- [About this task]:
Please retype all of the records below word for word, leaving out any pictures.

Segment Start: Information supplied

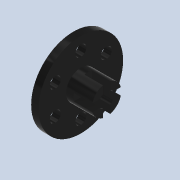
# Autodesk Inventor part: CircleArm
Saved by Autodesk Inventor 2021.2 (Build 252289000, 289)
## iProperties
Created: 2020-12-25
Part Number: CircleArm
Material: Generic
Document SubType Name: Modeling
Designer: Hagihara Yuya
Density: 1 g/cm^3
Appearance: 滑らか - 黒
Author: Hagihara Yuya
Autodesk Inventor part; units mm, degrees
ref_plane "YZ Plane" through (0, 0, 0) normal (1, 0, 0) x (0, 1, 0)
ref_plane "XZ Plane" through (0, 0, 0) normal (0, 1, 0) x (-1, 0, 0)
ref_plane "XY Plane" through (0, 0, 0) normal (0, 0, 1) x (1, 0, 0)
sketch "スケッチ1" plane through (0, 0, 0) normal (1, 0, 0) x (0, 1, 0)
  circle A0 centre (0, 0) radius 11.5
  dimension "d0" = 23
  constraints: 1 centre point, 1 coincident
  measures "d0" diameter of A0
extrude "押し出し1" add sketch "スケッチ1" along normal blind 2
sketch "スケッチ4" plane through (0, 0, 0) normal (-1, 0, 0) x (0, 0, 1)
  circle A0 centre (0, 0) radius 4
  dimension "d22" = 8
  constraints: 1 centre point, 1 coincident
  measures "d22" diameter of A0
extrude "押し出し2" add sketch "スケッチ4" along normal blind 7
sketch "スケッチ5" plane through (-7, 0, 0) normal (-1, 0, 0) x (0, 0, 1)
  line L0 (-4, 1) -> (4, 1)
  line L1 (4, 1) -> (4, -1)
  line L2 (4, -1) -> (-4, -1)
  line L3 (-4, -1) -> (-4, 1)
  line L4 (-1, 4) -> (1, 4)
  line L5 (1, 4) -> (1, -4)
  line L6 (1, -4) -> (-1, -4)
  line L7 (-1, -4) -> (-1, 4)
  circle A0 centre (0, 0) radius 4 projected
  circle A1 centre (0, 0) radius 2
  point P0 (0, 4)
  point P1 (4, 0)
  point P2 (1, 0)
  point P3 (0, 1)
  point P4 (1, 1)
  point P5 (-1, 1)
  point P6 (-1, -1)
  point P7 (1, -1)
  point P8 (-1, 1.7321)
  point P9 (-1.7321, 1)
  point P10 (1.7321, 1)
  point P11 (1, 1.7321)
  point P12 (-1.7321, -1)
  point P13 (-1, -1.7321)
  point P14 (1, -1.7321)
  point P15 (1.7321, -1)
  dimension "d25" = 2
  dimension "d26" = 2
  dimension "d29" = 4
  constraints: 16 end point, 4 midpoint, 4 parallel, 2 horizontal, 2 horizontal alignment, 2 perpendicular, 2 tangent, 2 vertical alignment, 1 centre point, 1 coincident
  measures "d25" distance of L0.end L1.end
  measures "d26" distance of L5.end L6.end
  measures "d29" diameter of A1
extrude "押し出し3" cut sketch "スケッチ5" against normal blind 5 contours L0 A0 L3 | L0 A1 L2 A0 | A0 L2 L3 | A1 L7 L0 | L0 L7 L2 A1 | A0 L5 A1 L7 | L7 L4 A0 | L7 A1 L5 L0 | L0 L5 L2 L7 | L2 L7 A1 | L4 L5 A0 | A0 L6 L7 | L7 A1 L5 A0 | L5 A1 L0 | L0 A1 L2 L5 | L2 L5 A1 L7 | A0 L5 L6 | L0 A0 L2 A1 | L2 A1 L5 | L0 L1 A0 | L1 L2 A0
sketch "スケッチ2" plane through (2, 0, 0) normal (1, 0, 0) x (0, 0, -1)
  point P0 (0, 0)
  point P1 (0, 0)
  constraints: 1 coincident
hole "穴1" at (2, 0, 0) direction (-1, 0, 0) diameter 3 end through all
sketch "スケッチ3" plane through (2, 0, 0) normal (1, 0, 0) x (0, 0, -1)
  point P0 (0, 0)
  point P1 (8, 0)
  point P2 (4, 6.9282)
  point P3 (-4, 6.9282)
  point P4 (-8, 0)
  point P5 (-4, -6.9282)
  point P6 (4, -6.9282)
  dimension "d12" = 360
  dimension "d14" = 16
  constraints: 1 horizontal alignment, 7 other
  measures "d14" distance of point (8, 0) point (-8, 0)
hole "穴2" at (2, 0, -8) at (2, 6.9282, -4) at (2, 6.9282, 4) at (2, 0, 8) at (2, -6.9282, 4) at (2, -6.9282, -4) direction (-1, 0, 0) diameter 3 end through all
equation "\"d25\" = d26"

Segment End: Information supplied

- [Response for this exercise]:
# Autodesk Inventor part: CircleArm
Saved by Autodesk Inventor 2021.2 (Build 252289000, 289)
## iProperties
Created: 2020-12-25
Part Number: CircleArm
Material: Generic
Document SubType Name: Modeling
Designer: Hagihara Yuya
Density: 1 g/cm^3
Appearance: 滑らか - 黒
Author: Hagihara Yuya
Autodesk Inventor part; units mm, degrees
ref_plane "YZ Plane" through (0, 0, 0) normal (1, 0, 0) x (0, 1, 0)
ref_plane "XZ Plane" through (0, 0, 0) normal (0, 1, 0) x (-1, 0, 0)
ref_plane "XY Plane" through (0, 0, 0) normal (0, 0, 1) x (1, 0, 0)
sketch "スケッチ1" plane through (0, 0, 0) normal (1, 0, 0) x (0, 1, 0)
  circle A0 centre (0, 0) radius 11.5
  dimension "d0" = 23
  constraints: 1 centre point, 1 coincident
  measures "d0" diameter of A0
extrude "押し出し1" add sketch "スケッチ1" along normal blind 2
sketch "スケッチ4" plane through (0, 0, 0) normal (-1, 0, 0) x (0, 0, 1)
  circle A0 centre (0, 0) radius 4
  dimension "d22" = 8
  constraints: 1 centre point, 1 coincident
  measures "d22" diameter of A0
extrude "押し出し2" add sketch "スケッチ4" along normal blind 7
sketch "スケッチ5" plane through (-7, 0, 0) normal (-1, 0, 0) x (0, 0, 1)
  line L0 (-4, 1) -> (4, 1)
  line L1 (4, 1) -> (4, -1)
  line L2 (4, -1) -> (-4, -1)
  line L3 (-4, -1) -> (-4, 1)
  line L4 (-1, 4) -> (1, 4)
  line L5 (1, 4) -> (1, -4)
  line L6 (1, -4) -> (-1, -4)
  line L7 (-1, -4) -> (-1, 4)
  circle A0 centre (0, 0) radius 4 projected
  circle A1 centre (0, 0) radius 2
  point P0 (0, 4)
  point P1 (4, 0)
  point P2 (1, 0)
  point P3 (0, 1)
  point P4 (1, 1)
  point P5 (-1, 1)
  point P6 (-1, -1)
  point P7 (1, -1)
  point P8 (-1, 1.7321)
  point P9 (-1.7321, 1)
  point P10 (1.7321, 1)
  point P11 (1, 1.7321)
  point P12 (-1.7321, -1)
  point P13 (-1, -1.7321)
  point P14 (1, -1.7321)
  point P15 (1.7321, -1)
  dimension "d25" = 2
  dimension "d26" = 2
  dimension "d29" = 4
  constraints: 16 end point, 4 midpoint, 4 parallel, 2 horizontal, 2 horizontal alignment, 2 perpendicular, 2 tangent, 2 vertical alignment, 1 centre point, 1 coincident
  measures "d25" distance of L0.end L1.end
  measures "d26" distance of L5.end L6.end
  measures "d29" diameter of A1
extrude "押し出し3" cut sketch "スケッチ5" against normal blind 5 contours L0 A0 L3 | L0 A1 L2 A0 | A0 L2 L3 | A1 L7 L0 | L0 L7 L2 A1 | A0 L5 A1 L7 | L7 L4 A0 | L7 A1 L5 L0 | L0 L5 L2 L7 | L2 L7 A1 | L4 L5 A0 | A0 L6 L7 | L7 A1 L5 A0 | L5 A1 L0 | L0 A1 L2 L5 | L2 L5 A1 L7 | A0 L5 L6 | L0 A0 L2 A1 | L2 A1 L5 | L0 L1 A0 | L1 L2 A0
sketch "スケッチ2" plane through (2, 0, 0) normal (1, 0, 0) x (0, 0, -1)
  point P0 (0, 0)
  point P1 (0, 0)
  constraints: 1 coincident
hole "穴1" at (2, 0, 0) direction (-1, 0, 0) diameter 3 end through all
sketch "スケッチ3" plane through (2, 0, 0) normal (1, 0, 0) x (0, 0, -1)
  point P0 (0, 0)
  point P1 (8, 0)
  point P2 (4, 6.9282)
  point P3 (-4, 6.9282)
  point P4 (-8, 0)
  point P5 (-4, -6.9282)
  point P6 (4, -6.9282)
  dimension "d12" = 360
  dimension "d14" = 16
  constraints: 1 horizontal alignment, 7 other
  measures "d14" distance of point (8, 0) point (-8, 0)
hole "穴2" at (2, 0, -8) at (2, 6.9282, -4) at (2, 6.9282, 4) at (2, 0, 8) at (2, -6.9282, 4) at (2, -6.9282, -4) direction (-1, 0, 0) diameter 3 end through all
equation "\"d25\" = d26"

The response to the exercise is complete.